I am extremely tickled that Dolly is standing on a stool in order to deliver this joke. I assume it’s a practical cartooning matter — if she were on the floor, she’d be cropped out by the circular border of the panel — but I’d like to imagine that she laboriously dragged the stool in in from the other room and climbed up on it so she could really get in her mother’s face with her latest nonsense, with Ma Keane refusing to make eye contact with her or acknowledge her in any way all the while.

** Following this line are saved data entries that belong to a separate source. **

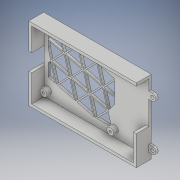
# Autodesk Inventor part: Deck
Saved by Autodesk Inventor 2019 (Build 230136000, 136)
## iProperties
Created: 2020-04-10
Part Number: Deck
Material: Generic
Document SubType Name: Modeling
Designer: Jorge
Density: 1 g/cm^3
Appearance: Default
Author: Jorge
Autodesk Inventor part; units mm, degrees
ref_plane "YZ Plane" through (0, 0, 0) normal (1, 0, 0) x (0, 1, 0)
ref_plane "XZ Plane" through (0, 0, 0) normal (0, 1, 0) x (-1, 0, 0)
ref_plane "XY Plane" through (0, 0, 0) normal (0, 0, 1) x (1, 0, 0)
sketch "Sketch1" plane through (0, 0, 0) normal (0, 0, 1) x (1, 0, 0)
  circle A0 centre (5.7, 58) radius 1
  circle A1 centre (63.7, 58) radius 1
  circle A2 centre (5.7, 9) radius 1
  circle A3 centre (63.7, 9) radius 1
  line L0 (5.7, 58) -> (63.7, 58) construction
  line L1 (63.7, 58) -> (63.7, 9) construction
  line L2 (63.7, 9) -> (5.7, 9) construction
  line L3 (5.7, 9) -> (5.7, 58) construction
  circle A4 centre (5.7, 58) radius 3
  circle A5 centre (63.7, 58) radius 3
  circle A6 centre (63.7, 9) radius 3
  circle A7 centre (5.7, 9) radius 3
  line L4 (2.5, 61.2) -> (93.2, 61.2)
  line L5 (93.2, 61.2) -> (93.2, 0)
  line L6 (2.5, 61.2) -> (93.2, 61.2)
  line L7 (93.2, 61.2) -> (93.2, 63.7)
  line L8 (93.2, 63.7) -> (2.5, 63.7)
  line L9 (2.5, 63.7) -> (2.5, 61.2)
  line L10 (2.5, 63.7) -> (0, 63.7)
  line L11 (0, 63.7) -> (0, 0)
  line L12 (2.5, 2.5) -> (2.5, 63.7)
  line L13 (0, 41) -> (2.5, 41)
  line L14 (2.5, 41) -> (2.5, 26)
  line L15 (2.5, 26) -> (0, 26)
  line L16 (0, 26) -> (0, 41)
  line L17 (5.7, 33.5) -> (0, 33.5) construction
  line L18 (2.5, 2.5) -> (90.7, 2.5)
  line L19 (93.2, -3.283) -> (93.2, 0)
  line L20 (93.2, 0) -> (0, 0)
  line L21 (2.5, 2.5) -> (2.5, 61.2)
  line L22 (93.2, 0) -> (62.7076, 0)
  line L23 (90.7, 2.5) -> (90.7, 25.5)
  line L24 (90.7, 25.5) -> (93.2, 25.5)
  line L25 (93.2, 25.5) -> (93.2, 0)
  line L26 (0, 49) -> (-3, 49) construction
  circle A8 centre (-3, 49) radius 1.5
  arc A9 (-3, 52) -> (-3, 46) centre (-3, 49) ccw
  line L27 (-3, 52) -> (-3, 46) construction
  line L28 (-3, 52) -> (0, 52)
  line L29 (-3, 46) -> (0, 46)
  line L30 (93.2, 49) -> (96.2, 49) construction
  circle A10 centre (96.2, 49) radius 1.5
  arc A11 (96.2, 46) -> (96.2, 52) centre (96.2, 49) ccw
  line L31 (96.2, 52) -> (96.2, 46) construction
  line L32 (96.2, 52) -> (93.2, 52)
  line L33 (96.2, 46) -> (93.2, 46)
  line L34 (0, 9) -> (-3, 9) construction
  circle A12 centre (-3, 9) radius 1.5
  arc A13 (-3, 12) -> (-3, 6) centre (-3, 9) ccw
  line L35 (-3, 12) -> (-3, 6) construction
  line L36 (-3, 12) -> (0, 12)
  line L37 (-3, 6) -> (0, 6)
  line L38 (93.2, 9) -> (96.2, 9) construction
  circle A14 centre (96.2, 9) radius 1.5
  arc A15 (96.2, 6) -> (96.2, 12) centre (96.2, 9) ccw
  line L39 (96.2, 6) -> (96.2, 12) construction
  line L40 (96.2, 12) -> (93.2, 12)
  line L41 (96.2, 6) -> (93.2, 6)
  line L42 (0, 41) -> (2.5, 41)
  line L43 (2.5, 41) -> (2.5, 63.7)
  line L44 (2.5, 63.7) -> (0, 63.7)
  line L45 (0, 63.7) -> (0, 41)
  line L46 (93.2, 0) -> (0, 0)
  line L47 (0, 0) -> (0, 2.5)
  line L48 (0, 2.5) -> (93.2, 2.5)
  line L49 (93.2, 2.5) -> (93.2, 0)
  line L50 (0, 0) -> (2.5, 0)
  line L51 (2.5, 0) -> (2.5, 26)
  line L52 (2.5, 26) -> (0, 26)
  line L53 (0, 26) -> (0, 0)
  line L54 (93.2, 25.5) -> (90.7, 25.5)
  line L55 (90.7, 25.5) -> (90.7, 0)
  line L56 (90.7, 0) -> (93.2, 0)
  line L57 (93.2, 0) -> (93.2, 25.5)
  line L58 (0, 41) -> (2.5, 41)
  line L59 (2.5, 41) -> (2.5, 63.7)
  line L60 (2.5, 63.7) -> (0, 63.7)
  line L61 (0, 63.7) -> (0, 41)
  line L62 (2.5, 41) -> (0, 41)
  line L63 (0, 41) -> (0, 26)
  line L64 (0, 26) -> (2.5, 26)
  line L65 (2.5, 26) -> (2.5, 41)
  dimension "d0" = 2
  dimension "d1" = 2
  dimension "d2" = 58
  dimension "d3" = 2
  dimension "d4" = 2
  dimension "d5" = 49
  dimension "d6" = 6
  dimension "d7" = 6
  dimension "d8" = 6
  dimension "d9" = 6
  dimension "d10" = 3.2
  dimension "d11" = 2.5
  dimension "d14" = 15
  dimension "d17" = 6.5
  dimension "d18" = 2.5
  dimension "d19" = 29.5
  dimension "d20" = 3.2
  dimension "d21" = 2.5
  dimension "d22" = 16.5
  dimension "d23" = 3
  dimension "d24" = 3
  dimension "d25" = 6
  dimension "d26" = 3
  dimension "d27" = 3
  dimension "d28" = 6
  dimension "d29" = 9
  dimension "d30" = 3
  dimension "d31" = 6
  dimension "d32" = 3
  dimension "d33" = 3
  dimension "d34" = 6
  dimension "d35" = 2.5
  dimension "d36" = 3
  dimension "d41" = 2.5
  dimension "d42" = 2.5
  constraints: 130 end point, 22 parallel, 20 perpendicular, 19 horizontal, 16 centre point, 14 coincident, 10 point on line, 8 point on circle, 7 midpoint, 4 vertical, 3 collinear, 1 symmetric about line, 12 other
  measures "d0" diameter of A0
  measures "d1" diameter of A1
  measures "d2" distance of A1.centre L0.start
  measures "d3" diameter of A2
  measures "d4" diameter of A3
  measures "d5" distance of A2.centre L0.start
  measures "d6" diameter of A4
  measures "d7" diameter of A5
  measures "d8" diameter of A6
  measures "d9" diameter of A7
  measures "d10" distance between parallel lines of L4 L0
  measures "d11" distance of L7.end L6.end
  measures "d14" distance of L13.end L14.end
  measures "d17" distance between parallel lines of L2 L18
  measures "d18" distance of the line from the sketch origin of L21
  measures "d19" distance between parallel lines of L5 L1
  measures "d20" distance between parallel lines of L21 L3
  measures "d21" distance of L23.end L24.end
  measures "d22" distance between parallel lines of L24 L2
  measures "d23" distance of L26.start L26.end
  measures "d24" diameter of A8
  measures "d25" distance between parallel lines of L28 L29
  measures "d26" distance of L30.start L30.end
  measures "d27" diameter of A10
  measures "d28" distance between parallel lines of L32 L33
  measures "d29" distance between parallel lines of L0 L26
  measures "d30" diameter of A12
  measures "d31" distance between parallel lines of L37 L36
  measures "d32" distance of L38.start L38.end
  measures "d33" diameter of A14
  measures "d34" distance between parallel lines of L40 L41
  measures "d35" distance between parallel lines of L20 L18
  measures "d36" distance of L34.start L34.end
  measures "d41" distance between parallel lines of L5 L55
  measures "d42" distance between parallel lines of L20 L48
extrude "Extrusion1" add sketch "Sketch1" along normal blind 2 contours A4 | A5 | A6 | A7 | L9 L8 L7 L4 | L12 L13 L11 L10 L9 | L4 L5 L24 L23 L18 L12 | L12 L15 L11 L13 | L32 A11 L33 L5 | L12 L48 L11 L15 | L11 L29 A9 L28 | L51 L20 L11 L48 | L18 L55 L20 L51 | L5 L48 L23 L24 | L48 L5 L20 L55 | L11 L37 A13 L36 | L40 A15 L41 L5
extrude "Extrusion2" add sketch "Sketch1" along normal blind 6 contours A4 | A5 | A6 | A7
extrude "Extrusion3" add sketch "Sketch1" along normal blind 13 contours L9 L8 L7 L4 | L12 L13 L11 L10 L9 | L12 L15 L11 L13 | L12 L48 L11 L15 | L51 L20 L11 L48 | L18 L55 L20 L51 | L5 L48 L23 L24 | L48 L5 L20 L55
extrude "Extrusion4" cut sketch "Sketch1" along normal blind 13 contours L12 L15 L11 L13
sketch "Sketch2" plane through (0, 0, 0) normal (0, 0, 1) x (1, 0, 0)
  line L0 (5.7, 47.7749) -> (51.6652, 36.1467) construction
  line L1 (5.7, 47.7749) -> (18.7571, 44.4717)
  line L2 (5.7, 51.2424) -> (12.2708, 58)
  line L3 (14.1282, 58) -> (18.7571, 44.4717)
  line L4 (20.8899, 43.9322) -> (35.4318, 40.2534)
  line L5 (35.4318, 40.2534) -> (31.3467, 54.6864)
  line L6 (31.3467, 54.6864) -> (20.8899, 43.9322)
  line L7 (37.5646, 39.7139) -> (52.1065, 36.0351)
  line L8 (52.1065, 36.0351) -> (48.0214, 50.4681)
  line L9 (48.0214, 50.4681) -> (37.5646, 39.7139)
  line L10 (54.2393, 35.4955) -> (63.7, 33.1022)
  line L11 (63.7, 45.2253) -> (54.2393, 35.4955)
  line L12 (18.2484, 58) -> (63.7, 46.5018) construction
  line L13 (18.2484, 58) -> (30.2803, 54.9562)
  line L14 (30.2803, 54.9562) -> (19.8235, 44.2019)
  line L15 (15.1183, 58) -> (19.8235, 44.2019)
  line L16 (32.4131, 54.4167) -> (46.955, 50.7379)
  line L17 (46.955, 50.7379) -> (36.4982, 39.9836)
  line L18 (32.4131, 54.4167) -> (36.4982, 39.9836)
  line L19 (49.0878, 50.1983) -> (63.6297, 46.5196)
  line L20 (63.6297, 46.5196) -> (53.1729, 35.7653)
  line L21 (53.1729, 35.7653) -> (49.0878, 50.1983)
  line L22 (5.7, 47.2833) -> (63.7, 32.6107) construction
  line L23 (5.7, 46.7918) -> (51.4315, 35.2228) construction
  line L24 (5.7, 46.7918) -> (18.5233, 43.5478)
  line L25 (5.7, 41.1547) -> (8.0665, 32.7936)
  line L26 (8.0665, 32.7936) -> (18.5233, 43.5478)
  line L27 (20.6562, 43.0083) -> (35.1981, 39.3295)
  line L28 (35.1981, 39.3295) -> (24.7412, 28.5752)
  line L29 (24.7412, 28.5752) -> (20.6562, 43.0083)
  line L30 (37.3309, 38.79) -> (51.8728, 35.1112)
  line L31 (51.8728, 35.1112) -> (41.4159, 24.3569)
  line L32 (41.4159, 24.3569) -> (37.3309, 38.79)
  line L33 (54.0056, 34.5716) -> (63.7, 32.1192)
  line L34 (63.7, 27.4724) -> (58.0906, 20.1386)
  line L35 (58.0906, 20.1386) -> (54.0056, 34.5716)
  line L36 (8.0665, 32.7936) -> (58.0906, 20.1386) construction
  line L37 (9.1329, 32.5238) -> (23.6748, 28.845)
  line L38 (23.6748, 28.845) -> (19.5898, 43.278)
  line L39 (9.1329, 32.5238) -> (19.5898, 43.278)
  line L40 (25.8076, 28.3055) -> (40.3495, 24.6267)
  line L41 (40.3495, 24.6267) -> (36.2645, 39.0597)
  line L42 (25.8076, 28.3055) -> (36.2645, 39.0597)
  line L43 (42.4823, 24.0872) -> (57.0242, 20.4084)
  line L44 (57.0242, 20.4084) -> (52.9392, 34.8414)
  line L45 (52.9392, 34.8414) -> (42.4823, 24.0872)
  line L46 (63.7, 18.2281) -> (5.7, 32.9007) construction
  line L47 (24.5075, 27.6513) -> (14.0506, 16.8971)
  line L48 (23.4411, 27.9211) -> (12.9842, 17.1669)
  line L49 (8.8992, 31.5999) -> (23.4411, 27.9211)
  line L50 (7.8328, 31.8697) -> (11.9178, 17.4366)
  line L51 (28.5925, 13.2183) -> (24.5075, 27.6513)
  line L52 (14.0506, 16.8971) -> (28.5925, 13.2183)
  line L53 (25.5739, 27.3816) -> (29.6589, 12.9485)
  line L54 (7.8328, 31.8697) -> (57.8569, 19.2147) construction
  line L55 (25.5739, 27.3816) -> (40.1158, 23.7028)
  line L56 (40.1158, 23.7028) -> (29.6589, 12.9485)
  line L57 (8.8992, 31.5999) -> (12.9842, 17.1669)
  line L58 (5.7, 29.6762) -> (7.8328, 31.8697)
  line L59 (5.7, 19.0096) -> (11.9178, 17.4366)
  line L60 (30.7253, 12.6788) -> (45.2672, 9)
  line L61 (46.2573, 9) -> (42.2486, 23.1633)
  line L62 (42.2486, 23.1633) -> (56.7905, 19.4845)
  line L63 (56.7905, 19.4845) -> (46.596, 9)
  line L64 (57.8569, 19.2147) -> (47.9247, 9)
  line L65 (60.748, 9) -> (57.8569, 19.2147)
  line L66 (41.1822, 23.433) -> (30.7253, 12.6788)
  line L67 (5.7, 58) -> (63.7, 58) construction
  line L68 (5.7, 9) -> (5.7, 58) construction
  line L69 (63.7, 9) -> (5.7, 9) construction
  line L70 (63.7, 58) -> (63.7, 9) construction
  line L71 (5.7, 29.6762) -> (5.7, 19.0096)
  line L72 (46.2573, 9) -> (46.596, 9)
  line L73 (60.748, 9) -> (47.9247, 9)
  line L74 (63.7, 32.1192) -> (63.7, 27.4724)
  line L75 (63.7, 45.2253) -> (63.7, 33.1022)
  line L76 (15.1183, 58) -> (18.2484, 58)
  line L77 (12.2708, 58) -> (14.1282, 58)
  line L78 (5.7, 41.1547) -> (5.7, 46.7918)
  line L79 (5.7, 51.2424) -> (5.7, 47.7749)
  line L80 (45.2672, 9) -> (41.1822, 23.433)
  point P0 (0, 0)
  point P1 (45.2672, 9)
  dimension "d62" = 15
  dimension "d63" = 15
  dimension "d64" = 15
  dimension "i_v" = 2.2
  dimension "d66" = 15
  dimension "d67" = 15
  dimension "d68" = 15
  dimension "d69" = 2.2
  dimension "d73" = 2.2
  dimension "d75" = 15
  dimension "d76" = 1.1
  dimension "d77" = 15
  dimension "d78" = 1.1
  dimension "d79" = 15
  dimension "d81" = 15
  dimension "d82" = 15
  dimension "d83" = 15
  dimension "d84" = 1.1
  dimension "d85" = 0.953
  dimension "d86" = 60
  dimension "d87" = 0.953
  dimension "d88" = 15
  dimension "d90" = 60
  dimension "d91" = 60
  dimension "d92" = 60
  dimension "d93" = 1.1
  dimension "d94" = 60
  dimension "d95" = 60
  dimension "d96" = 1.1
  dimension "d97" = 60
  constraints: 150 end point, 34 symmetric about line, 22 point on line, 4 collinear, 4 parallel, 3 vertical, 2 perpendicular, 51 other
  measures "d62" distance of L4.start L4.end
  measures "d63" distance of L4.end L5.end
  measures "d64" distance of L4.start L5.end
  measures "i_v" distance of L4.start L1.end
  measures "d66" distance of L7.start L7.end
  measures "d67" distance of L7.end L8.end
  measures "d68" distance of L7.start L8.end
  measures "d69" distance of L7.start L4.end
  measures "d73" distance of L7.end L10.start
  measures "d75" distance of L16.start L16.end
  measures "d76" distance of L4.start L14.end
  measures "d77" distance of L13.end L14.end
  measures "d78" distance of L17.end L4.end
  measures "d79" distance of L16.end L17.end
  measures "d81" distance of L19.start L19.end
  measures "d82" distance of L19.start L20.end
  measures "d83" distance of L19.end L20.end
  measures "d84" distance of L10.start L20.end
  measures "d85" distance between parallel lines of L10 L33
  measures "d86" angle of L10 L11
  measures "d88" distance of L66.end L60.end
  measures "d90" angle of L62 L61
  measures "d92" angle of L65 L64
  measures "d93" distance of L36.end L43.end
  measures "d94" angle of L50 L58
  measures "d95" angle of L26 L25
  measures "d96" distance of L49.start L50.start
  measures "d97" angle of L50 L59
extrude "Extrusion5" cut sketch "Sketch2" along normal blind 13
body "Solid1"

Rex Morgan, M.D., 10/27/20

So it turns out the bad thing Sarah did was … that she gave her self a haircut, and not even in a comical or interesting way, and June was able to fix it without too much trouble, and even if she couldn’t, Sarah is like eight years old and does everything by Zoom right now, so who cares if her hair looks a little funny, you know? But that isn’t going to stop us from debriefing about it for days, and it won’t stop Rex — who, remember, is working in a COVID ward and the current strips are taking place in the initial wave of the pandemic so presumably he’s watching multiple people die daily despite his best medical efforts — from treating this as the biggest disappointment he’s encountered in his life to date. Rex says that he would’ve never thought to cut his own hair as a child, and it definitely tracks that he was boring as shit from the minute he was born.

Mark Trail, 10/27/20

Oh, huh, I see that Happy Trail Farms really is where various Mark clones are spawned using forbidden science, exactly as I predicted. Maybe we need to have a Crisis on Infinite Trails, with DoddTrail, ElrodTrail, and AllenTrail vanquished in combat, before RiveraTrail can thrive, to the extent that freelance writing in the clickbait era can be called “thriving.”

Barney Google and Snuffy Smith, 10/27/20

Ha ha, it’s funny because Hootin’ Holler is so impoverished and isolated that it cannot participate in the modern economy, which is built around the mass manufacturing of complex devices out of standardized and interchangeable components!